Nothing in the records should be changed in the copy, though the pictures must be left out.
^^^^^^^^^^^^^^^^
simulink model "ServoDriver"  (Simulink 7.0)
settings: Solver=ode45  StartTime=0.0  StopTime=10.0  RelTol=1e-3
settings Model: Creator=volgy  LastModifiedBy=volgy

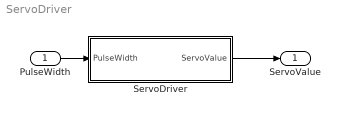
== system ServoDriver ==
  PulseWidth : Inport  OutDataType=sfix(16)  OutScaling=2^0
  ServoDriver : Subsystem
  ServoValue : Outport  OutDataType=sfix(16)  OutScaling=2^0
  wires:
  PulseWidth/1 -> ServoDriver/1(PulseWidth)
  ServoDriver/1(ServoValue) -> ServoValue/1

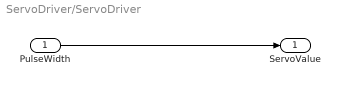
== system ServoDriver/ServoDriver ==
  PulseWidth : Inport  OutDataType=sfix(16)  OutScaling=2^0
  ServoValue : Outport  OutDataType=sfix(16)  OutScaling=2^0
  wires:
  PulseWidth/1 -> ServoValue/1
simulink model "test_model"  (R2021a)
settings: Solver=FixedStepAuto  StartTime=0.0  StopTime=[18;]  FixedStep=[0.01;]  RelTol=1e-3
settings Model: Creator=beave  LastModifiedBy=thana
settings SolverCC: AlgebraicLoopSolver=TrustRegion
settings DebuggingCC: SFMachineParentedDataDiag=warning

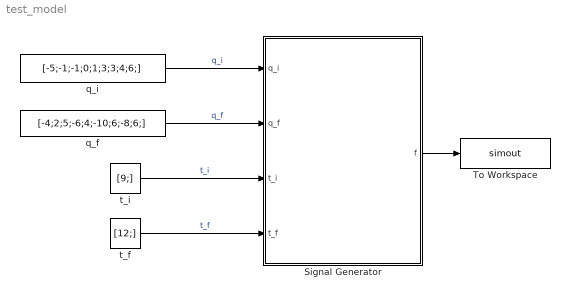
== system test_model ==
  Signal Generator : Subsystem
  To Workspace : ToWorkspace  VariableName=simout  SaveFormat=Timeseries  SampleTime=-1
  q_f : Constant  Value=[-4;2;5;-6;4;-10;6;-8;6;]
  q_i : Constant  Value=[-5;-1;-1;0;1;3;3;4;6;]
  t_f : Constant  Value=[12;]
  t_i : Constant  Value=[9;]
  wires:
  q_i/1 -> Signal Generator/1(q_i)  "q_i"
  q_f/1 -> Signal Generator/2(q_f)  "q_f"
  t_i/1 -> Signal Generator/3(t_i)  "t_i"
  t_f/1 -> Signal Generator/4(t_f)  "t_f"
  Signal Generator/1(f) -> To Workspace/1

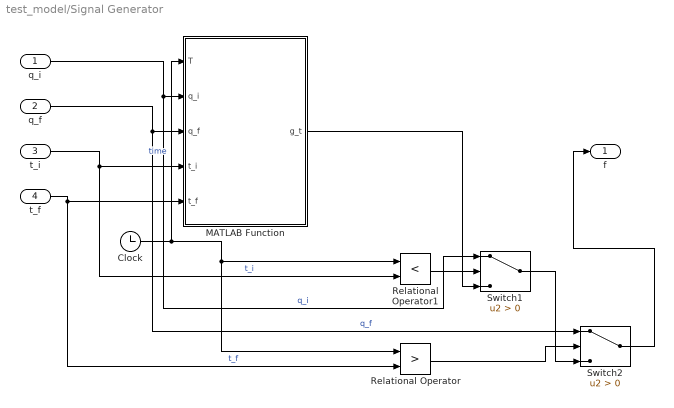
== system test_model/Signal Generator ==
  q_i : Inport
  q_f : Inport  Port=2
  t_i : Inport  Port=3
  t_f : Inport  Port=4
  Clock : Clock
  MATLAB Function : MATLAB Function  TreatAsAtomicUnit=on
  Relational Operator : RelationalOperator  Operator=>  OutDataTypeStr=boolean  RndMeth=Simplest
  Relational Operator1 : RelationalOperator  Operator=<  OutDataTypeStr=boolean  RndMeth=Simplest
  Switch1 : Switch  Criteria=u2 > Threshold
  Switch2 : Switch  Criteria=u2 > Threshold
  f : Outport
  wires:
  Switch2/1 -> f/1
  Switch1/1 -> Switch2/3
  Relational Operator1/1 -> Switch1/2
  t_i/1 -> MATLAB Function/4(t_i), Relational Operator1/2  "t_i"
  q_i/1 -> Switch1/1, MATLAB Function/2(q_i)  "q_i"
  Relational Operator/1 -> Switch2/2
  q_f/1 -> Switch2/1, MATLAB Function/3(q_f)  "q_f"
  Clock/1 -> MATLAB Function/1(T), Relational Operator/1, Relational Operator1/1  "time"
  t_f/1 -> MATLAB Function/5(t_f), Relational Operator/2  "t_f"
  MATLAB Function/1(g_t) -> Switch1/3

== matlab function test_model/Signal Generator/MATLAB Function ==
  data: T input; q_i input; q_f input; t_i input; g_t output; t_f input
function g_t = fcn(T,q_i,q_f,t_i,t_f)
%สร้างตัวแปร C ที่มีขนาดเท่ากับเมทริกซ์ [จำนนวนVectorที่รับเข้ามา x สัมประสิทธิ์]
c = zeros(numel(q_i),4);
%{
สร้างลูปจำนวน numel(q_i) ครั้งเพื่อรันเว็กเตอร์ทุกตัวที่รับค่าเข้ามา
สร้าง RHS ที่เป็นเมทริกซ์ทางด้านขวามือของสมการ
และสร้าง A เป็นเมทริกซ์ทางด้านซ้ายของสมการเพื่อใช้ในการแก้สมการ
ตั้งให้ ac0,ac1,ac2,ac3 มีค่าเท่ากับ A ที่แทนค่าColumnที่ 1,2,3,4
ตามลำดับเพื่อนำไปใช้แก้สมการหาสัมประสิทธิ์โดยสมการ c_x = det(acx) / det(A)
โดยที่ x = {0,1,2,3} เมื่อได้ c แล้ว
เก็บ c ในรูปแบบของ array ด้วย c(i,:) = [c_3 c_2 c_1 c_0];
ในแต่ละลูป และนำ c ไปใช้ในการสร้างสัญญาณที่มี input มากจาก Clock ใน
simulink โดยให้ output เป็น g_t = c(:,4) + c(:,3)*T + c(:,2)*(T.^2) + c(:,1)*(T.^3) ;
เพื่อให้ g_t พลอตค่าออกมาในทุกๆ ROW ในฟังก์ชั่น c
%}
for i = 1:numel(q_i)
    RHS = [q_i(i) ; q_f(i) ; 0 ; 0 ];
    A = [1 t_i (t_i^2) (t_i^3) ; 1 t_f (t_f^2) (t_f^3) ; 0 1 (2*t_i) (3*(t_i^2)) ;  0 1 (2*t_f) (3*(t_f^2))] ;
    ac0 = A ;
    ac0(:,1) = RHS';
    c_0 = det(ac0)/ det(A) ;
    ac1 = A ;
    ac1(:,2) = RHS';
    c_1 = det(ac1)/ det(A) ;
    ac2 = A ;
    ac2(:,3) = RHS';
    c_2 = det(ac2)/ det(A) ;
    ac3 = A ;
    ac3(:,4) = RHS';
    c_3 = det(ac3)/ det(A) ;
    c(i,:) = [c_3 c_2 c_1 c_0];
    g_t = c(:,4) + c(:,3)*T + c(:,2)*(T.^2) + c(:,1)*(T.^3) ;
end
^^^^^^^^^^^^^^^^
> **RESPONSE TO THE TASK**:
simulink model "ServoDriver"  (Simulink 7.0)
settings: Solver=ode45  StartTime=0.0  StopTime=10.0  RelTol=1e-3
settings Model: Creator=volgy  LastModifiedBy=volgy

== system ServoDriver ==
  PulseWidth : Inport  OutDataType=sfix(16)  OutScaling=2^0
  ServoDriver : Subsystem
  ServoValue : Outport  OutDataType=sfix(16)  OutScaling=2^0
  wires:
  PulseWidth/1 -> ServoDriver/1(PulseWidth)
  ServoDriver/1(ServoValue) -> ServoValue/1

== system ServoDriver/ServoDriver ==
  PulseWidth : Inport  OutDataType=sfix(16)  OutScaling=2^0
  ServoValue : Outport  OutDataType=sfix(16)  OutScaling=2^0
  wires:
  PulseWidth/1 -> ServoValue/1
simulink model "test_model"  (R2021a)
settings: Solver=FixedStepAuto  StartTime=0.0  StopTime=[18;]  FixedStep=[0.01;]  RelTol=1e-3
settings Model: Creator=beave  LastModifiedBy=thana
settings SolverCC: AlgebraicLoopSolver=TrustRegion
settings DebuggingCC: SFMachineParentedDataDiag=warning

== system test_model ==
  Signal Generator : Subsystem
  To Workspace : ToWorkspace  VariableName=simout  SaveFormat=Timeseries  SampleTime=-1
  q_f : Constant  Value=[-4;2;5;-6;4;-10;6;-8;6;]
  q_i : Constant  Value=[-5;-1;-1;0;1;3;3;4;6;]
  t_f : Constant  Value=[12;]
  t_i : Constant  Value=[9;]
  wires:
  q_i/1 -> Signal Generator/1(q_i)  "q_i"
  q_f/1 -> Signal Generator/2(q_f)  "q_f"
  t_i/1 -> Signal Generator/3(t_i)  "t_i"
  t_f/1 -> Signal Generator/4(t_f)  "t_f"
  Signal Generator/1(f) -> To Workspace/1

== system test_model/Signal Generator ==
  q_i : Inport
  q_f : Inport  Port=2
  t_i : Inport  Port=3
  t_f : Inport  Port=4
  Clock : Clock
  MATLAB Function : MATLAB Function  TreatAsAtomicUnit=on
  Relational Operator : RelationalOperator  Operator=>  OutDataTypeStr=boolean  RndMeth=Simplest
  Relational Operator1 : RelationalOperator  Operator=<  OutDataTypeStr=boolean  RndMeth=Simplest
  Switch1 : Switch  Criteria=u2 > Threshold
  Switch2 : Switch  Criteria=u2 > Threshold
  f : Outport
  wires:
  Switch2/1 -> f/1
  Switch1/1 -> Switch2/3
  Relational Operator1/1 -> Switch1/2
  t_i/1 -> MATLAB Function/4(t_i), Relational Operator1/2  "t_i"
  q_i/1 -> Switch1/1, MATLAB Function/2(q_i)  "q_i"
  Relational Operator/1 -> Switch2/2
  q_f/1 -> Switch2/1, MATLAB Function/3(q_f)  "q_f"
  Clock/1 -> MATLAB Function/1(T), Relational Operator/1, Relational Operator1/1  "time"
  t_f/1 -> MATLAB Function/5(t_f), Relational Operator/2  "t_f"
  MATLAB Function/1(g_t) -> Switch1/3

== matlab function test_model/Signal Generator/MATLAB Function ==
  data: T input; q_i input; q_f input; t_i input; g_t output; t_f input
function g_t = fcn(T,q_i,q_f,t_i,t_f)
%สร้างตัวแปร C ที่มีขนาดเท่ากับเมทริกซ์ [จำนนวนVectorที่รับเข้ามา x สัมประสิทธิ์]
c = zeros(numel(q_i),4);
%{
สร้างลูปจำนวน numel(q_i) ครั้งเพื่อรันเว็กเตอร์ทุกตัวที่รับค่าเข้ามา
สร้าง RHS ที่เป็นเมทริกซ์ทางด้านขวามือของสมการ
และสร้าง A เป็นเมทริกซ์ทางด้านซ้ายของสมการเพื่อใช้ในการแก้สมการ
ตั้งให้ ac0,ac1,ac2,ac3 มีค่าเท่ากับ A ที่แทนค่าColumnที่ 1,2,3,4
ตามลำดับเพื่อนำไปใช้แก้สมการหาสัมประสิทธิ์โดยสมการ c_x = det(acx) / det(A)
โดยที่ x = {0,1,2,3} เมื่อได้ c แล้ว
เก็บ c ในรูปแบบของ array ด้วย c(i,:) = [c_3 c_2 c_1 c_0];
ในแต่ละลูป และนำ c ไปใช้ในการสร้างสัญญาณที่มี input มากจาก Clock ใน
simulink โดยให้ output เป็น g_t = c(:,4) + c(:,3)*T + c(:,2)*(T.^2) + c(:,1)*(T.^3) ;
เพื่อให้ g_t พลอตค่าออกมาในทุกๆ ROW ในฟังก์ชั่น c
%}
for i = 1:numel(q_i)
    RHS = [q_i(i) ; q_f(i) ; 0 ; 0 ];
    A = [1 t_i (t_i^2) (t_i^3) ; 1 t_f (t_f^2) (t_f^3) ; 0 1 (2*t_i) (3*(t_i^2)) ;  0 1 (2*t_f) (3*(t_f^2))] ;
    ac0 = A ;
    ac0(:,1) = RHS';
    c_0 = det(ac0)/ det(A) ;
    ac1 = A ;
    ac1(:,2) = RHS';
    c_1 = det(ac1)/ det(A) ;
    ac2 = A ;
    ac2(:,3) = RHS';
    c_2 = det(ac2)/ det(A) ;
    ac3 = A ;
    ac3(:,4) = RHS';
    c_3 = det(ac3)/ det(A) ;
    c(i,:) = [c_3 c_2 c_1 c_0];
    g_t = c(:,4) + c(:,3)*T + c(:,2)*(T.^2) + c(:,1)*(T.^3) ;
end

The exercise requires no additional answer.